Until recently, that is.

Daily Maverick last week reported that a Western Cape High Court judgment by Judge Daniel Thulare, dated 17 October, said that evidence in an organised crime case linked to the Mobsters suggested that the 28s gang had captured low-ranking South African Police Service (SAPS) officers as well as police bosses.

The judgment said: “The senior management of the SAPS in the province has been penetrated to the extent that the 28 gang has access to the table where the Provincial Commissioner of the SAPS in the Western Cape sits with his senior managers.”
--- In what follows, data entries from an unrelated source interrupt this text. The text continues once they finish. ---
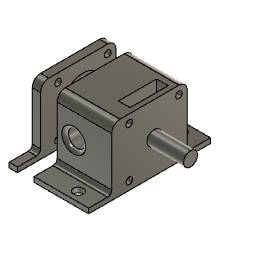
pelletizer_gen1 (Autodesk Fusion 360 design; units mm, degrees)
Autodesk Fusion 360 part; units mm, degrees
note: some values were not read from the file. Set by a fixed rule: which face or edge a step refers to.
sketch "Skizze1" plane through (0, 0, 0) normal (1, 0, 0) x (0, 1, 0)
  circle A0 centre (0, 0) radius 4.25
  circle A1 centre (0, 0) radius 10
  circle A2 centre (40, 0) radius 4
  circle A3 centre (40, 0) radius 11
  circle A4 centre (0, 0) radius 10.25
  line L0 (-12.5, 12.5) -> (12.5, 12.5)
  line L1 (12.5, 12.5) -> (12.5, -12.5)
  line L2 (12.5, -12.5) -> (-12.5, -12.5)
  line L3 (-12.5, -12.5) -> (-12.5, 12.5)
  line L4 (-12.5, 12.5) -> (12.5, -12.5) construction
  line L5 (12.5, 12.5) -> (-12.5, -12.5) construction
  circle A5 centre (0, 0) radius 11
  line L6 (-12.5, 0) -> (-17.5, 0)
  line L7 (-17.5, 0) -> (-17.5, 10)
  line L8 (-17.5, 0) -> (-17.5, -10)
  line L9 (-17.5, -10) -> (-12.5, -10)
  line L10 (-17.5, 10) -> (-12.5, 10)
  line L11 (12.5, 0) -> (-12.5, 0)
  circle A6 centre (0, 0) radius 11.125
  line L12 (0, -12.5) -> (0, -9.5)
  line L13 (0, -8) -> (-9, -8)
  line L14 (-9, -8) -> (-9, -12.5)
  line L15 (0, -8) -> (9, -8)
  line L16 (9, -8) -> (9, -12.5)
  line L17 (9, -12.5) -> (-9, -12.5)
  line L18 (-12.5, 0) -> (-11.125, 0)
  line L19 (-9.3125, 2.5) -> (-14.3125, 2.5)
  line L20 (-14.3125, 2.5) -> (-14.3125, -2.5)
  line L21 (-14.3125, -2.5) -> (-9.3125, -2.5)
  line L22 (-9.3125, -2.5) -> (-9.3125, 2.5)
  line L23 (-9.3125, 2.5) -> (-14.3125, -2.5) construction
  line L24 (-14.3125, 2.5) -> (-9.3125, -2.5) construction
  line L25 (-12.5, -12.5) -> (-27.5, -12.5)
  line L26 (-27.5, -12.5) -> (-27.5, -8.5)
  line L27 (-27.5, -8.5) -> (-12.5, -8.5)
  line L28 (-12.5, -8.5) -> (-12.5, -12.5)
  line L29 (12.5, -12.5) -> (27.5, -12.5)
  line L30 (27.5, -12.5) -> (27.5, -8.5)
  line L31 (27.5, -8.5) -> (12.5, -8.5)
  line L32 (12.5, -8.5) -> (12.5, -12.5)
  line L33 (12.5, -12.5) -> (9.5, -12.5)
  line L34 (9.5, -12.5) -> (9.5, -9.5)
  line L35 (9.5, -9.5) -> (12.5, -9.5)
  line L36 (12.5, -9.5) -> (12.5, -12.5)
  line L37 (-12.5, -12.5) -> (-9.5, -12.5)
  line L38 (-9.5, -12.5) -> (-9.5, -9.5)
  line L39 (-9.5, -9.5) -> (-12.5, -9.5)
  line L40 (-12.5, -9.5) -> (-12.5, -12.5)
  circle A7 centre (9.5, -9.5) radius 1.5
  circle A8 centre (-9.5, -9.5) radius 1.5
  line L41 (-12.5, 12.5) -> (-9.5, 12.5)
  line L42 (-9.5, 12.5) -> (-9.5, 9.5)
  line L43 (-9.5, 9.5) -> (-12.5, 9.5)
  line L44 (-12.5, 9.5) -> (-12.5, 12.5)
  line L45 (12.5, 12.5) -> (9.5, 12.5)
  line L46 (9.5, 12.5) -> (9.5, 9.5)
  line L47 (9.5, 9.5) -> (12.5, 9.5)
  line L48 (12.5, 9.5) -> (12.5, 12.5)
  circle A9 centre (9.5, 9.5) radius 1.5
  circle A10 centre (-9.5, 9.5) radius 1.5
  circle A11 centre (75, 0) radius 12.3
  circle A12 centre (75, 0) radius 10
  line L49 (95, -20) -> (55, -20)
  line L50 (55, -20) -> (55, 20)
  line L51 (55, 20) -> (95, 20)
  line L52 (95, 20) -> (95, -20)
  line L53 (95, -20) -> (55, 20) construction
  line L54 (55, -20) -> (60, -20)
  circle A13 centre (90, -15) radius 2
  circle A14 centre (90, 15) radius 2
  circle A15 centre (60, -15) radius 2
  circle A16 centre (60, 15) radius 2
  line L55 (55, -20) -> (58.5858, -16.4142) construction
  line L56 (60, -15) -> (95, 20) construction
  circle A17 centre (75, 0) radius 11.25
  circle A18 centre (75, 0) radius 4.3
  line L57 (95, -17) -> (95, -20)
  line L58 (55, -20) -> (41, -20)
  line L59 (41, -20) -> (41, -17)
  line L60 (41, -17) -> (55, -17)
  line L61 (55, -17) -> (55, -20)
  line L62 (95, -17) -> (109, -17)
  line L63 (109, -17) -> (109, -20)
  line L64 (109, -20) -> (95, -20)
  point P0 (-11.8125, 0)
  point P1 (75, 0)
  dimension "d1" = 8.5
  dimension "d2" = 20
  dimension "d7" = 8
  dimension "d8" = 22
  dimension "d11" = 20.5
  dimension "d12" = 25
  dimension "d13" = 25
  dimension "d14" = 22
  dimension "d15" = 5
  dimension "d16" = 10
  dimension "d17" = 10
  dimension "d20" = 22.25
  dimension "d36" = 9
  dimension "d40" = 5
  dimension "d61" = 15
  dimension "d62" = 4
  dimension "d63" = 15
  dimension "d64" = 4
  dimension "d87" = 3
  dimension "d88" = 3
  dimension "d89" = 3
  dimension "d90" = 3
  dimension "d91" = 3
  dimension "d92" = 3
  dimension "d93" = 3
  dimension "d94" = 3
  dimension "d95" = 3
  dimension "d96" = 3
  dimension "d97" = 3
  dimension "d98" = 3
  dimension "d116" = 24.6
  dimension "d117" = 20
  dimension "d124" = 5
  dimension "d128" = 4
  dimension "d129" = 4
  dimension "d130" = 4
  dimension "d131" = 4
  dimension "d132" = 22.5
  dimension "d138" = 8.6
  dimension "d153" = 14
  dimension "d154" = 3
  constraint coincident A0.centre A1.centre
  constraint concentric A0 A1
  constraint concentric A2 A3
  constraint concentric A1 A4
  constraint horizontal L0
  constraint perpendicular L0 L1
  constraint parallel L0 L2
  constraint parallel L1 L3
  constraint coincident L4 A0.centre
  constraint coincident L5 A0.centre
  constraint midpoint L3 L6.start
  constraint perpendicular L3 L6
  constraint perpendicular L6 L7
  constraint perpendicular L6 L8
  constraint coincident L3 L9.end
  constraint perpendicular L3 L9
  constraint coincident L3 L10.end
  constraint perpendicular L3 L10
  constraint midpoint L1 L11.start
  constraint concentric A1 A6
  constraint midpoint L2 L12.start
  constraint perpendicular L2 L12
  constraint horizontal L13
  constraint coincident L2 L14.end
  constraint perpendicular L2 L14
  constraint horizontal L15
  constraint coincident L2 L16.end
  constraint perpendicular L2 L16
  constraint coincident L11 L18.end
  constraint coincident A6 L18.end
  constraint horizontal L19
  constraint perpendicular L19 L20
  constraint parallel L19 L21
  constraint parallel L20 L22
  constraint coincident L23 P0
  constraint coincident L24 P0
  constraint midpoint L18 P0
  constraint horizontal L25
  constraint vertical L26
  constraint horizontal L27
  constraint vertical L28
  constraint horizontal L29
  constraint vertical L30
  constraint horizontal L31
  constraint vertical L32
  constraint horizontal L33
  constraint vertical L34
  constraint horizontal L35
  constraint vertical L36
  constraint horizontal L37
  constraint vertical L38
  constraint horizontal L39
  constraint vertical L40
  constraint coincident L34.end L35.start
  constraint coincident L38.end L39.start
  constraint horizontal L41
  constraint vertical L42
  constraint horizontal L43
  constraint vertical L44
  constraint horizontal L45
  constraint vertical L46
  constraint horizontal L47
  constraint vertical L48
  constraint coincident L46.end L47.start
  constraint coincident L42.end L43.start
  constraint concentric A11 A12
  constraint horizontal L49
  constraint perpendicular L49 L50
  constraint parallel L49 L51
  constraint parallel L50 L52
  constraint coincident L53 P1
  constraint coincident P1 L55
  constraint coincident P1 A11.centre
  constraint horizontal L54
  constraint coincident A15.centre L56.start
  constraint coincident A15 L55.end
  constraint collinear L55 L56
  constraint concentric A11 A17
  constraint concentric A17 A18
  constraint vertical L57
  constraint horizontal L58
  constraint vertical L59
  constraint horizontal L60
  constraint vertical L61
  constraint horizontal L62
  constraint vertical L63
  constraint horizontal L64
  measures "d1" diameter of A0
  measures "d2" diameter of A1
  measures "d7" diameter of A2
  measures "d8" diameter of A3
  measures "d11" diameter of A4
  measures "d12" distance of L1.end L2.end
  measures "d13" distance of L0.end L1.end
  measures "d14" diameter of A5
  measures "d15" distance of L6.start L6.end
  measures "d16" distance of L6.end L7.end
  measures "d17" distance of L6.end L8.end
  measures "d20" diameter of A6
  measures "d36" distance of L13.start L15.end
  measures "d40" distance of L20.end L21.end
  measures "d61" distance of L2.end L25.end
  measures "d62" distance of L2.end L27.end
  measures "d63" distance of L1.end L29.end
  measures "d64" distance of L1.end L31.end
  measures "d87" distance of L1.end L33.end
  measures "d88" distance of L1.end L35.end
  measures "d89" distance of L2.end L37.end
  measures "d90" distance of L2.end L39.end
  measures "d91" diameter of A7
  measures "d92" diameter of A8
  measures "d93" distance of L0.start L41.end
  measures "d94" distance of L0.start L43.end
  measures "d95" distance of L0.end L45.end
  measures "d96" distance of L0.end L47.end
  measures "d97" diameter of A9
  measures "d98" diameter of A10
  measures "d116" diameter of A11
  measures "d117" diameter of A12
  measures "d124" distance of L49.end L54.end
  measures "d128" diameter of A13
  measures "d129" diameter of A14
  measures "d130" diameter of A15
  measures "d131" diameter of A16
  measures "d132" diameter of A17
  measures "d138" diameter of A18
  measures "d153" distance of L49.end L58.end
  measures "d154" distance of L49.end L60.end
extrude "Extrusion1" add sketch "Skizze1" along normal blind 32 contours A0 L11 | A0 L11 makes body 1
extrude "Extrusion2" add sketch "Skizze1" against normal blind 20 separate body contours A0 A1 L11 L13 L15 L21 L22 | A0 A1 L11 L19 L22 | A1 L11 L21 L22 | A1 L11 L19 L22 | A1 L13 L15 makes body 2
combine "Kombinieren1" operation add target body 1 tool bodies 2
extrude "Extrusion3" add sketch "Skizze1" along normal blind 7 separate body contours A3 makes body 3
move_body "Verschieben1" bodies 3 to x (1, 0, 0) y (0, 1, 0) z (0, 0, 1) at (2, 0, 0)
move_body "Verschieben2" bodies 3 to x (1, 0, 0) y (0, 1, 0) z (0, 0, 1) at (0, -40, 0)
copy_body "Körper kopieren/einfügen1" bodies 3 makes body 4
move_body "Verschieben3" bodies 4 to x (1, 0, 0) y (0, 1, 0) z (0, 0, 1) at (23, 0, 0)
move_body "Verschieben4" bodies 4 to x (1, 0, 0) y (0, 1, 0) z (0, 0, 1) at (-12, 0, 0)
extrude "Extrusion4" add sketch "Skizze1" against normal blind 21 separate body contours A5 L11 A6 L15 | A5 L11 A6 L19 | A5 L11 A6 L19 | A5 A6 L12 L15 | L0 L1 L3 L11 A6 L19 L42 L43 L46 L47 A9 A10 | L1 L11 A6 L15 L16 L32 L35 A7 | A5 L11 A6 L21 | L3 L11 A6 L18 L19 | A5 A6 L12 L13 | L2 A6 L12 L15 L16 L17 A7 | A5 A6 L13 L21 | L3 L11 A6 L18 L21 | L2 A6 L12 L13 L14 L17 A8 | L0 L1 L45 L46 L47 L48 A9 | L3 A6 L13 L14 L21 L28 L39 A8 | L0 L3 L41 L42 L43 L44 A10 | L16 L34 L35 A7 | L16 A7 | L46 L47 A9 | L46 L47 A9 | L1 L2 L32 L33 L34 L35 L36 A7 | L42 L43 A10 | L42 L43 A10 | L2 L16 L34 A7 | L2 L14 L38 A8 | L34 L35 A7 | L14 A8 | L14 L38 L39 A8 | L2 L3 L28 L37 L38 L39 L40 A8 | L38 L39 A8 makes body 5
extrude "Extrusion5" add sketch "Skizze1" along normal blind 24 contours L1 L11 A6 L15 L16 L32 L35 A7 | L2 A6 L12 L15 L16 L17 A7 | L3 L11 A6 L18 L21 | L2 A6 L12 L13 L14 L17 A8 | L3 A6 L13 L14 L21 L28 L39 A8 | L16 L34 L35 A7 | L16 A7 | L1 L2 L32 L33 L34 L35 L36 A7 | L2 L16 L34 A7 | L2 L14 L38 A8 | L34 L35 A7 | L14 A8 | L14 L38 L39 A8 | L2 L3 L28 L37 L38 L39 L40 A8 | L38 L39 A8 bodies 5
extrude "Extrusion6" add sketch "Skizze1" along normal blind 3.5 from surface at 9.25 separate body contours A0 A1 L11 L13 L15 L21 L22 | A0 A1 L11 L19 L22 | A1 A4 L11 L15 | A1 A4 L11 L19 | A1 L11 L21 L22 | A1 L11 L19 L22 | A1 A4 L11 L19 | A1 A4 L12 L15 | A1 L13 L15 | A4 A5 L11 L15 | A4 A5 L11 L19 | A1 A4 L11 L21 | A4 A5 L11 L19 | A1 A4 L12 L13 | A4 A5 L12 L15 | A5 L11 A6 L15 | A5 L11 A6 L19 | A1 A4 L13 L21 | A4 A5 L11 L21 | A5 L11 A6 L19 | A4 A5 L12 L13 | A5 A6 L12 L15 | A4 A5 L13 L21 | A5 L11 A6 L21 | A5 A6 L12 L13 | A5 A6 L13 L21 makes body 6
copy_body "Körper kopieren/einfügen2" bodies 6 makes body 7
move_body "Verschieben5" bodies 7 to x (1, 0, 0) y (0, 1, 0) z (0, 0, 1) at (11, 0, 0)
combine "Kombinieren2" operation add target body 7 tool bodies 5
combine "Kombinieren3" operation add target body 6 tool bodies 7
extrude "Extrusion7" add sketch "Skizze1" along normal blind 1.5 separate body contours A0 A1 L11 L13 L15 L21 L22 | A0 A1 L11 L19 L22 | A1 A4 L11 L15 | A1 A4 L11 L19 | A1 L11 L21 L22 | A1 L11 L19 L22 | A1 A4 L11 L19 | A1 A4 L12 L15 | A1 L13 L15 | A4 A5 L11 L15 | A4 A5 L11 L19 | A1 A4 L11 L21 | A4 A5 L11 L19 | A1 A4 L12 L13 | A4 A5 L12 L15 | A5 L11 A6 L15 | A5 L11 A6 L19 | A1 A4 L13 L21 | A4 A5 L11 L21 | A5 L11 A6 L19 | A4 A5 L12 L13 | A5 A6 L12 L15 | A4 A5 L13 L21 | A5 L11 A6 L21 | A5 A6 L12 L13 | A5 A6 L13 L21 makes body 8
combine "Kombinieren4" operation add target body 8 tool bodies 6
fillet "Abrundung1" radius 1 1 edges at (0, 0, 11.125) on bodies 8
extrude "Extrusion8" cut 1 faces at (24, -11.8769, -5.2597) along direction (-1, 0, 0) blind 0.25 on bodies 8 bodies 8
fillet "Abrundung2" radius 5 1 edges at (-10.5, -12.5, 12.5) on bodies 8
fillet "Abrundung3" radius 5 1 edges at (-10.5, 12.5, 12.5) on bodies 8
extrude "Extrusion9" cut sketch "Skizze1" against normal blind 15 from surface at -3 contours A1 A4 L12 L15 | A1 L13 L15 | A1 A4 L12 L13 | A4 A5 L12 L15 | A4 A5 L12 L13 | A5 A6 L12 L15 | A5 A6 L12 L13 | L2 A6 L12 L15 L16 L17 A7 | L2 A6 L12 L13 L14 L17 A8 | L16 A7 | L14 A8 bodies 8
extrude "Extrusion10" add sketch "Skizze1" against normal blind 21 contours L3 L6 L7 L10 L19 L20 L44 | L3 L6 L19 L20 | L3 L6 L20 L21 | L3 L6 L8 L20 L21 L27 | L3 L8 L9 L27 L28 L40 bodies 8
extrude "Extrusion11" cut 1 faces at (-7, -15.8333, 10) along direction (0, 0, -1) blind 2.5 on bodies 8 bodies 8
extrude "Extrusion12" add 1 faces at (-7, -15.8333, -10) along direction (0, 0, -1) blind 2.5 on bodies 8 bodies 8
hole "Bohrung2" at (-11, -17.5, 0) direction (0, 1, 0) diameter 10.4 depth 10 tip angle 118 bodies 8
extrude "Extrusion13" add 1 faces at (-10.6667, -17.5, -10.0667) along direction (0, -1, 0) blind 4 on bodies 8 bodies 8
extrude "Extrusion14" add 1 faces at (-8, 8.0332, -8) along direction (0, 0, -1) blind 4.5 on bodies 8 bodies 8
extrude "Extrusion15" add 1 faces at (-8, -8.0332, -8) along direction (0, 0, -1) blind 4.5 on bodies 8 bodies 8
extrude "Extrusion16" add sketch "Skizze1" along normal blind 23.75 contours L1 L29 L30 L31 L32 L36 | L3 L8 L9 L27 L28 L40 | L3 L8 L9 L25 L26 L27 L28 L40 bodies 8
hole "Bohrung3" at (6.35, -20, -8.5) direction (0, 0, -1) diameter 5 depth 9 tip angle 118 bodies 8
hole "Bohrung4" at (18.75, -20, -8.5) direction (0, 0, -1) diameter 5 depth 9 tip angle 118 bodies 8
hole "Bohrung5" at (5, 20, -8.5) direction (0, 0, -1) diameter 5 depth 9 tip angle 118 bodies 8
hole "Bohrung6" at (18.75, 20, -8.5) direction (0, 0, -1) diameter 5 depth 9 tip angle 118 bodies 8
extrude "Extrusion17" cut sketch "Skizze1" against normal blind 15 from surface at -6 contours L16 L34 L35 A7 | L16 A7 | L46 L47 A9 | L46 L47 A9 | L42 L43 A10 | L42 L43 A10 | L34 L35 A7 | L14 A8 | L14 L38 L39 A8 | L38 L39 A8 bodies 8
fillet "Abrundung4" radius 2.5 2 edges at (11.875, 27.5, -8.5) (11.875, -27.5, -8.5) on bodies 8
extrude "Extrusion18" cut 4 faces at (-6, -10.4271, 9.3931) (-6, 8.5729, 9.3931) (-6, -10.0991, -9.0435) (-6, 8.9009, -9.0435) along direction (1, 0, 0) blind 95 on bodies 8 bodies 8
extrude "Extrusion19" cut 1 faces at (23.75, 0.1059, -8.0408) along direction (-1, 0, 0) blind 11 on bodies 8 bodies 8
extrude "Extrusion20" add 1 faces at (-21, -17.959, -2.2132) along direction (-1, 0, 0) blind 2 on bodies 8 bodies 8
extrude "Extrusion21" add sketch "Skizze1" along normal blind 3 separate body contours A0 L11 | A0 A1 L11 L13 L15 L21 L22 | A0 A1 L11 L19 L22 | A0 L11 | A1 A4 L11 L15 | A1 A4 L11 L19 | A1 L11 L21 L22 | A1 L11 L19 L22 | A1 A4 L11 L19 | A1 A4 L12 L15 | A1 L13 L15 | A4 A5 L11 L15 | A4 A5 L11 L19 | A1 A4 L11 L21 | A4 A5 L11 L19 | A1 A4 L12 L13 | A4 A5 L12 L15 | A5 L11 A6 L15 | A5 L11 A6 L19 | A1 A4 L13 L21 | A4 A5 L11 L21 | A5 L11 A6 L19 | A4 A5 L12 L13 | A5 A6 L12 L15 | L0 L1 L3 L11 A6 L19 L42 L43 L46 L47 A9 A10 | L1 L11 A6 L15 L16 L32 L35 A7 | A4 A5 L13 L21 | A5 L11 A6 L21 | L3 L11 A6 L18 L19 | A5 A6 L12 L13 | L2 A6 L12 L15 L16 L17 A7 | A5 A6 L13 L21 | L3 L11 A6 L18 L21 | L2 A6 L12 L13 L14 L17 A8 | L0 L1 L45 L46 L47 L48 A9 | L3 A6 L13 L14 L21 L28 L39 A8 | L0 L3 L41 L42 L43 L44 A10 | L1 L2 L32 L33 L34 L35 L36 A7 | L2 L16 L34 A7 | L2 L14 L38 A8 | L2 L3 L28 L37 L38 L39 L40 A8 makes body 9
move_body "Verschieben6" bodies 9 to x (1, 0, 0) y (0, 1, 0) z (0, 0, 1) at (-35, 0, 0)
fillet "Abrundung5" radius 5 2 edges at (-33.5, -12.5, 12.5) (-33.5, 12.5, 12.5) on bodies 9
extrude "Extrusion22" add 1 faces at (-11.3333, -21.5, -10.0667) along direction (0, -1, 0) blind 3 on bodies 8 bodies 8
move_body "Verschieben7" bodies 9 to x (1, 0, 0) y (0, 1, 0) z (0, 0, 1) at (-10, 0, 0)
extrude "Extrusion23" add sketch "Skizze1" along normal blind 20 separate body contours A11 | A17 makes body 10
move_body "Verschieben8" bodies 1 to x (1, 0, 0) y (0, 1, 0) z (0, 0, 1) at (0, 30, 0)
move_body "Ausrichten1" bodies 1 to x (1, 0, 0) y (0, 1, 0) z (0, 0, 1) at (20, 45, 0)
move_body "Verschieben9" bodies 3 to x (1, 0, 0) y (0, 1, 0) z (0, 0, 1) at (0, 25, 0)
move_body "Ausrichten2" bodies 3 to x (1, 0, 0) y (0, 1, 0) z (0, 0, 1) at (43, 50, 0)
move_body "Verschieben10" bodies 3 to x (1, 0, 0) y (0, 1, 0) z (0, 0, 1) at (-20, 0, 0)
move_body "Verschieben11" bodies 3 to x (1, 0, 0) y (0, 1, 0) z (0, 0, 1) at (-5, 0, 0)
extrude "Extrusion24" add sketch "Skizze1" along normal blind 30 separate body contours L49 L50 L51 L52 L54 L57 L61 makes body 11
extrude "Extrusion25" add sketch "Skizze1" along normal blind 10 from surface at 20 contours A11 bodies 11
extrude "Extrusion26" add sketch "Skizze1" along normal blind 3 from surface at 27 contours A11 | A12 | A17 bodies 11
sketch "Skizze2" plane through (0, 0, -20) normal (0, 0, -1) x (1, 0, 0)
  line L0 (0, -55) -> (0, -95)
  line L1 (0, -95) -> (30, -95)
  line L2 (30, -95) -> (30, -55)
  line L3 (30, -55) -> (0, -55)
  line L4 (27.0024, -75, -20) -> (20, -75, -20)
  line L5 (20, -86.25) -> (20, -63.75)
  line L6 (27, -63.75) -> (27, -86.25)
  line L7 (27, -86.25) -> (20, -63.75) construction
  line L8 (20, -86.25) -> (27, -63.75) construction
  line L9 (0, -75) -> (12, -75)
  line L10 (12, -75) -> (12, -78)
  line L11 (12, -78) -> (0, -78)
  line L12 (12, -75) -> (12, -72)
  line L13 (12, -72) -> (0, -72)
  line L14 (0, -72) -> (0, -78)
  line L15 (0, -78) -> (12, -78)
  line L16 (12, -78) -> (12, -72)
  line L17 (12, -72) -> (0, -72)
  line L18 (0, -72) -> (0, -78)
  line L19 (20, -75) -> (20, -63.5)
  line L20 (20, -75) -> (20, -86.5)
  line L21 (27, -86.25) -> (27, -86.5)
  line L22 (27, -86.5) -> (20, -86.5)
  line L23 (27, -63.75) -> (27, -63.5)
  line L24 (27, -63.5) -> (20, -63.5)
  point P0 (23.5, -75)
  dimension "d142" = 22.5
  dimension "d168" = 12
  dimension "d169" = 3
  dimension "d170" = 3
  dimension "d207" = 11.5
  dimension "d208" = 11.5
  dimension "d209" = 0.25
  dimension "d210" = 0.25
  constraint parallel L5 L6
  constraint coincident L7 P0
  constraint coincident L8 P0
  constraint midpoint L0 L9.start
  constraint perpendicular L0 L9
  constraint perpendicular L9 L10
  constraint coincident L0 L11.end
  constraint perpendicular L0 L11
  constraint perpendicular L9 L12
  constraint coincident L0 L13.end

According to evidence, the judgment found, gangsters also obtained Crime Intelligence and Anti-Gang Unit reports.

Thulare’s judgment is unprecedented in that it marks the first time suspected links between police officers and gangsters are detailed in depth in a document that is accessible to the public.

Political strategy

Last week, while the Western Cape police said its legal services department was looking at the judgment, the province’s premier, Alan Winde, ordered an ombud investigation into its contents to determine if police officers were working with gangsters. 


It was not the first time a Western Cape premier had tackled the issue. 

Here we unravel an extensive web of cop collusion suspicions — and political matters — that developed in the runup to the judgment. 

Seven years ago, former premier Helen Zille wrote: “Could it be that there is a deliberate political strategy, involving high-ranking police officers and politicians, to ensure that gangs, drugs and crime continue to destabilise the Western Cape?

“It is critical to answer this question for the sake of the people in this province who live under the reign of terror of the gang and drug lords.”

Zille also referenced a (now former) Western Cape Crime Intelligence officer, understood to be Paul Scheepers.

She said: “Three of his informers had provided him with sensational information asserting the involvement of high-ranking police officers in corruption, and of links between the drug trade, gangs, and politics in the Western Cape.”

Arrested Crime Intelligence officer

There were suspicions that the claims Scheepers’ informers made were against former gang-busting cop Jeremy Vearey, who was controversially fired from the police service in May last year. (Further details are documented in Dolley’s book To the Wolves: How Traitor Cops Crafted South Africa’s Underworld.)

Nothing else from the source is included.